Monkey See, Monkey Do

Less than two months between blog posts?  Boy, I am on a roll. 😛

I’ve been busy.

The last blog post was written while I was waiting for edits to come back for “A Dance in Moonlight,” my entry in Midnight Scandals.  Then they came back and my story needed lots of work.  Of course.  At this point, if I turn in a first draft and the response is, This is awesome and we can go directly to line edits, I will probably demand smelling salts.

So I revised.  Then I revised again.  Then, after we’d already locked the manuscript, I begged Courtney Milan to please let me have a go at the last three chapters yet again because, well, I’m like that.  Thankfully Courtney is like that too and she let me.

After having at last revised the story to my satisfaction, I experienced twenty-four hours of sublime happiness.  Then God decided to make me even happier.  How?  Have you ever heard of that old Turkish/Arabic saying, How does God make a poor man happy?  He makes him lose his donkey and finds it again.

So after my twenty-four hours of sublime happiness, I learned that because we’d done pre-order links for Amazon and Apple, we might not be able to swap out the files until the links become live, i.e., until after the folks who’d pre-ordered receive the older version of the book, with those pre-final-revision last three chapters.  I sank into a deep funk.  What was I going to do?  I’d probably have to take out ads everywhere and tell every person who pre-ordered to send me an email so I can send them the correct files.  But what about those readers who’d have finished my story before I can give them the correct files?  I’d have wasted their time with something that’s less than my best.  I’d have let them down.
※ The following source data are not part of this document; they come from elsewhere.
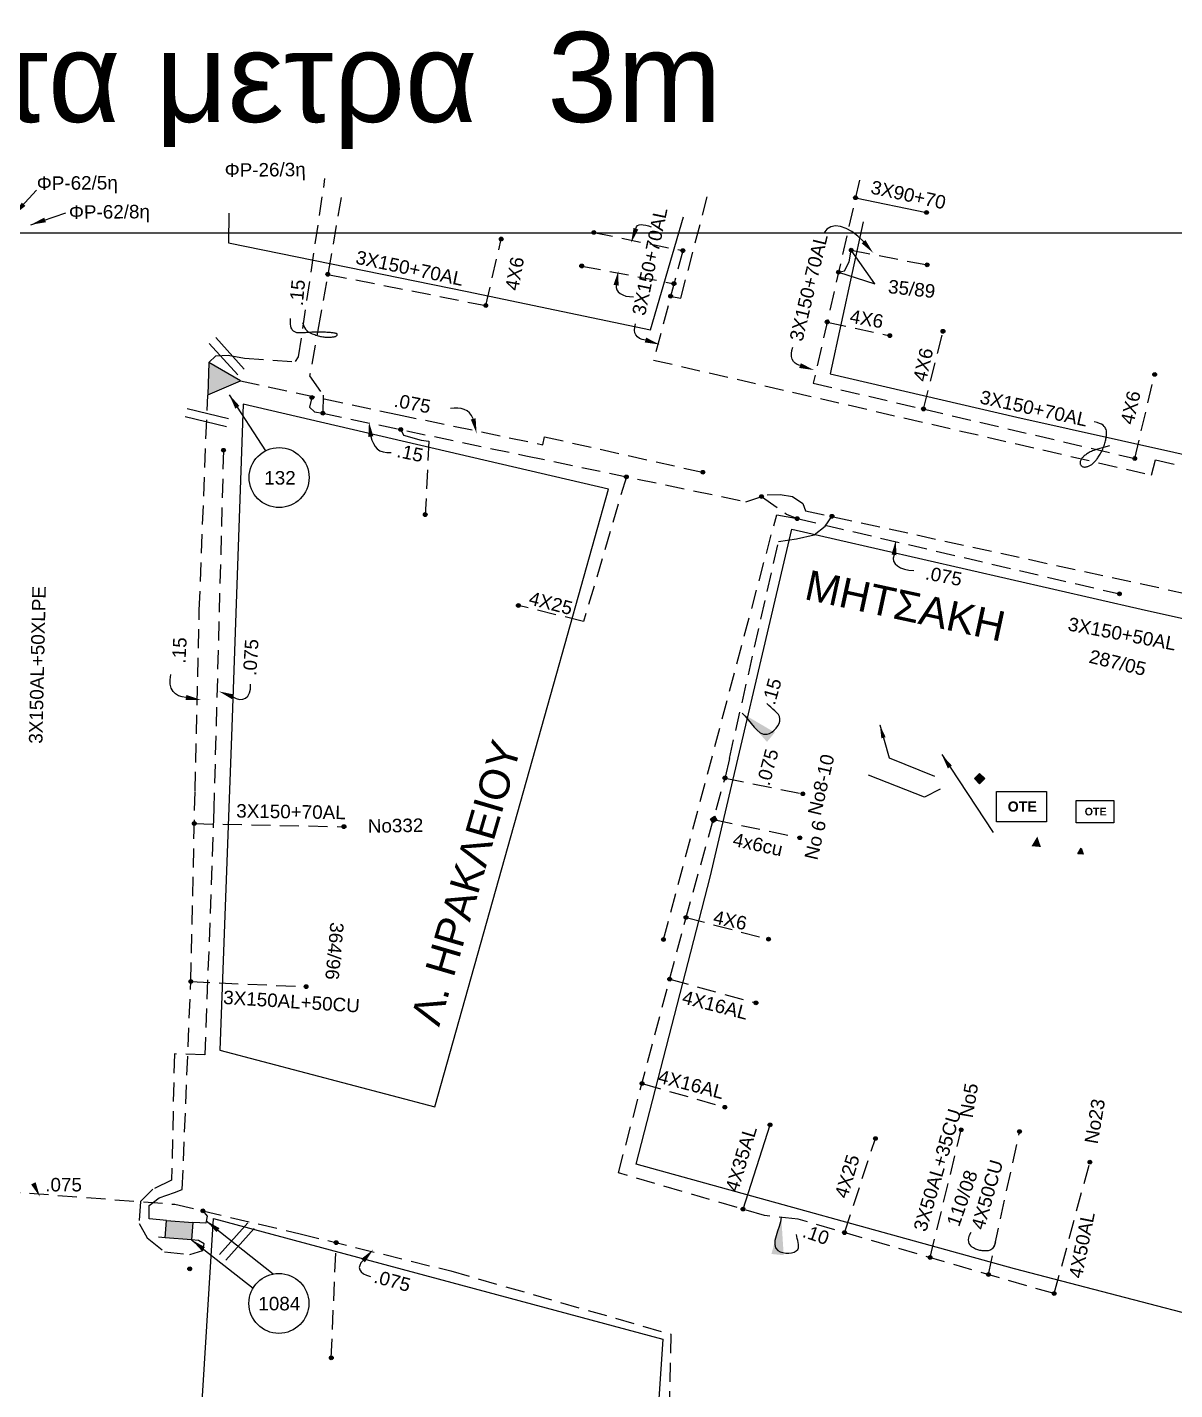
# Model space of a CAD drawing. Header units: millimetres. Extents: x 738 to 2138, y 37 to 533.
# Drawn here: x 861.2 to 937.8, y 442.5 to 533.4 of the extents above; entities that cross this region are included whole.
import ezdxf

# ---------------------------------------------------------------- set-up
doc = ezdxf.new("R2010")
doc.units = ezdxf.units.MM
doc.linetypes.add('DASHED', pattern=[19.05, 12.7, -6.35])
for name, color, linetype in [('Link Box 4 Διευθύνσεων', 7, 'Continuous'), ('Pillar OTE', 7, 'Continuous'), ('Άγνωστα', 7, 'Continuous'), ('Γυμνά εναέρια ΧΤ (3Φ)   3x35+35CU', 7, 'Continuous'), ('Γυμνά εναέρια ΧΤ (3Φ)   4x35AL', 7, 'Continuous'), ('Γυμνά εναέρια ΧΤ και ΦΟΠ (2Φ)   3x50+35+16CU', 7, 'Continuous'), ('Επιγραφές - Σχήματα', 7, 'Continuous'), ('Καλώδια ΧΤ   3x150 AL+50XLPE', 7, 'DASHED'), ('Καλώδια ΧΤ   3x150+50AL', 7, 'DASHED'), ('Καλώδια ΧΤ   3x150+70 AL', 7, 'DASHED'), ('Καλώδια ΧΤ   3x150AL+50CU', 7, 'DASHED'), ('Καλώδια ΧΤ   4x50CU', 7, 'DASHED'), ('Συνδέσεις', 7, 'Continuous'), ('Τομή', 7, 'Continuous'), ('Υπόβαθρο ΔΕΗ', 7, 'Continuous'), ('Υπόγεια Καλώδια Δικτύου ΧΤ   .075', 7, 'DASHED'), ('Υπόγεια Καλώδια Δικτύου ΧΤ   .10', 7, 'DASHED'), ('Υπόγεια Καλώδια Δικτύου ΧΤ   .15', 7, 'DASHED'), ('Υπόγεια καλώδια Δικτύου ΧΤ και Παρ. ΧΤ - 3X150+70 AL', 7, 'DASHED'), ('Υπόγεια καλώδια Παροχών ΧΤ   .075', 7, 'DASHED'), ('Υπόγεια καλώδια Παροχών ΧΤ   .15', 7, 'DASHED'), ('Υπόγεια καλώδια Παροχών ΧΤ   4x16AL', 7, 'DASHED'), ('Υπόγεια καλώδια Παροχών ΧΤ   4x25', 7, 'DASHED'), ('Υπόγεια καλώδια Παροχών ΧΤ   4x50AL', 7, 'DASHED'), ('Υπόγεια καλώδια Παροχών ΧΤ   4x6', 7, 'DASHED')]:
    doc.layers.add(name, color=color, linetype=linetype)
doc.styles.add('arial', font='arial.ttf')
doc.styles.get("Standard").update_dxf_attribs({"font": 'arial.ttf'})
doc.linetypes.add('SYN_LINE', pattern='A,0.5,-0.0001,["/\\/\\/\\/",Standard,S=0.1,R=0,X=0,Y=-0.05],-0.25', length=0.7501)
doc.dimstyles.new('ISO-25', dxfattribs={"dimtxt": 2.5, "dimasz": 2.5, "dimexe": 1.25, "dimexo": 0.625, "dimtad": 1, "dimtxsty": 'Standard', "dimcen": 2.5, "dimadec": 0, "dimazin": 0, "dimtfac": 1, "dimtmove": 0, "dimatfit": 3, "dimfxl": 1, "dimarcsym": 0})

# ---------------------------------------------------------------- blocks, each defined once
blk = doc.blocks.new('_ΣΥΝΔΕΣΗ')
at = {"layer": 'Συνδέσεις', "linetype": 'SYN_LINE', "ltscale": 40}
blk.add_hatch(color=256, dxfattribs=at).paths.add_polyline_path([(-116.75, 2339.64, 1), (-117.75, 2339.64, 1)])
at = {"layer": 'Συνδέσεις'}
blk.add_circle((-117.25, 2339.64), 0.5, dxfattribs=at)
blk = doc.blocks.new('ΤΟΜΗ')
at = {"layer": 'Τομή', "ltscale": 40}
for p, q in [((-5.68, 0), (5.68, 0)), ((5.68, -2.33), (-5.68, -2.33))]:
    blk.add_line(p, q, dxfattribs=at)
blk = doc.blocks.new('LINK BOX 4 ΑΝΑΧΩΡΗΣΕΩΝ')
at = {"layer": 'Link Box 4 Διευθύνσεων', "ltscale": 40}
blk.add_hatch(color=256, dxfattribs=at).paths.add_polyline_path([(-3.54, 0), (-3.54, -4.67), (3.54, -4.67), (3.54, 0)])
for p, q in [((-3.54, 0), (-5.33, 0)), ((5.33, 0), (3.54, 0)), ((-3.54, -4.67), (-5.33, -4.67)), ((5.33, -4.67), (3.54, -4.67))]:
    blk.add_line(p, q, dxfattribs=at)
blk.add_lwpolyline([(-3.54, -4.67), (-3.54, 0), (3.54, 0), (3.54, -4.67)], close=True, dxfattribs=at)
blk = doc.blocks.new('PILLAR ΟΤΕ')
at = {"layer": 'Pillar OTE', "ltscale": 40}
blk.add_lwpolyline([(-3.31, 2.02), (3.39, 2.02), (3.39, -1.99), (-3.31, -1.99)], close=True, dxfattribs=at)
at = {"layer": 'Pillar OTE', "insert": (-1.81, 0.71), "char_height": 1.3575, "width": 109.961, "attachment_point": 1}
blk.add_mtext('{\\fArial|b1|i0|c161|p34;OTE}', dxfattribs=at)
blk = doc.blocks.new('TSONTA XT1')
at = {"ltscale": 40}
h = blk.add_hatch(color=256, dxfattribs=at)
h.dxf.hatch_style = 1
h.paths.add_polyline_path([(595.96, 2487.66), (597.07, 2488.77), (595.96, 2489.87), (594.85, 2488.77)])
blk.add_lwpolyline([(594.85, 2488.77), (595.96, 2489.87), (597.07, 2488.77), (595.96, 2487.66)], close=True, dxfattribs=at)

msp = doc.modelspace()

# ---------------------------------------------------------------- hatches: boundary and pattern name
at = {"layer": 'Pillar OTE', "ltscale": 40}
h = msp.add_hatch(color=256, dxfattribs=at)
h.dxf.hatch_style = 1
h.paths.add_polyline_path([(928.838, 478.716), (928.596, 479.414), (928.211, 478.773)])
h = msp.add_hatch(color=256, dxfattribs=at)
h.dxf.hatch_style = 1
h.paths.add_polyline_path([(931.656, 478.236), (931.518, 478.631), (931.301, 478.268)])
at = {"layer": 'Επιγραφές - Σχήματα'}
msp.add_hatch(color=256, dxfattribs=at).paths.add_polyline_path([(875.417, 509.822), (873.319, 511.038), (873.236, 508.876)])

# ---------------------------------------------------------------- linework, layer by layer
at = {"layer": 'Pillar OTE', "ltscale": 40}
msp.add_lwpolyline([(931.301, 478.268), (931.518, 478.631), (931.656, 478.236), (931.301, 478.268)], dxfattribs=at)
at = {"layer": 'Άγνωστα', "color": 2, "ltscale": 0.1}
for points in [[(916.463, 522.037), (921.203, 521.055)], [(915.33, 517.068), (917.743, 516.283), (917.743, 516.283), (917.743, 516.283), (917.743, 516.283), (917.743, 516.283), (916.18, 518.537)]]:
    msp.add_lwpolyline(points, dxfattribs=at)
at = {"layer": 'Άγνωστα', "color": 173, "ltscale": 0.1}
msp.add_lwpolyline([(872.915, 454.436), (873.205, 454.076), (873.102, 453.622), (872.699, 453.633)], dxfattribs=at)
at = {"layer": 'Άγνωστα', "color": 173, "linetype": 'DASHED', "ltscale": 0.1}
msp.add_lwpolyline([(881.481, 444.629), (881.805, 452.314)], dxfattribs=at)
at = {"layer": 'Γυμνά εναέρια ΧΤ (3Φ)   4x35AL', "color": 173, "ltscale": 0.1}
msp.add_lwpolyline([(908.96, 454.551), (910.761, 460.171)], dxfattribs=at)
at = {"layer": 'Γυμνά εναέρια ΧΤ και ΦΟΠ (2Φ)   3x50+35+16CU', "color": 173, "linetype": 'DASHED', "ltscale": 0.1}
msp.add_lwpolyline([(921.443, 451.321), (923.521, 459.847)], dxfattribs=at)
at = {"layer": 'Επιγραφές - Σχήματα'}
for points in [[(901.809, 519.971), (901.849, 520.095), (901.922, 520.179), (902.024, 520.229), (902.151, 520.247), (902.3, 520.24), (902.467, 520.211), (902.647, 520.164), (902.838, 520.104)], [(917.001, 519.106), (916.61, 519.48), (916.219, 519.776), (915.836, 519.99), (915.47, 520.117), (915.13, 520.152), (914.823, 520.091), (914.558, 519.93), (914.345, 519.663)], [(900.485, 516.199), (900.483, 516.037), (900.53, 515.889), (900.621, 515.756), (900.755, 515.642), (900.929, 515.549), (901.139, 515.48), (901.383, 515.437), (901.658, 515.423)], [(879.552, 513.71), (879.616, 513.527), (879.688, 513.38), (879.766, 513.262), (879.85, 513.17), (879.937, 513.099), (880.026, 513.044), (880.116, 513.001), (880.204, 512.965), (880.29, 512.932), (880.374, 512.901), (880.455, 512.873), (880.535, 512.847), (880.612, 512.824), (880.688, 512.803), (880.762, 512.785), (880.835, 512.77), (880.906, 512.758), (880.977, 512.748), (881.046, 512.74), (881.114, 512.735), (881.181, 512.732), (881.247, 512.731), (881.312, 512.731), (881.377, 512.733), (881.44, 512.737), (881.501, 512.742), (881.56, 512.748), (881.615, 512.756), (881.667, 512.766), (881.715, 512.777), (881.757, 512.789), (881.792, 512.803), (881.822, 512.819), (881.845, 512.836), (881.862, 512.853), (881.874, 512.871), (881.88, 512.889), (881.882, 512.906), (881.88, 512.922), (881.874, 512.937), (881.864, 512.95), (881.851, 512.961), (881.833, 512.971), (881.811, 512.98), (881.783, 512.988), (881.75, 512.995), (881.711, 513.002), (881.665, 513.009), (881.612, 513.015), (881.553, 513.022), (881.488, 513.029), (881.418, 513.035), (881.345, 513.041), (881.267, 513.047), (881.187, 513.052), (881.105, 513.057), (881.022, 513.061), (880.937, 513.064), (880.852, 513.067), (880.766, 513.068), (880.68, 513.069), (880.593, 513.07), (880.508, 513.069), (880.422, 513.068), (880.338, 513.066), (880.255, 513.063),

I’d have…

The self-torment went on and on.

And then, as it turned out, Lori, the digital liaison at the Nelson Agency, was able to get her contact at Amazon to swap out the files.  And then she repeated the miracle and got it changed at Apple, also before the link went live.  Everybody got the right files.  And I held on hard to my dear old donkey, lost but now found, and all but floated away in grateful joy.

After that, it was immediately onto The Bride of Larkspear, which I found easy to write. But that didn’t translate into a good first draft either.  My editor, Tiffany Yates Martin, rightfully pointed it out that it was concentrated too much on the physical side of things.  Where were the emotions?  Where was the character building?  Where was the background so that a reader who hasn’t read Tempting the Bride, or indeed any book of the Fitzhugh Trilogy, could still understand the dynamic?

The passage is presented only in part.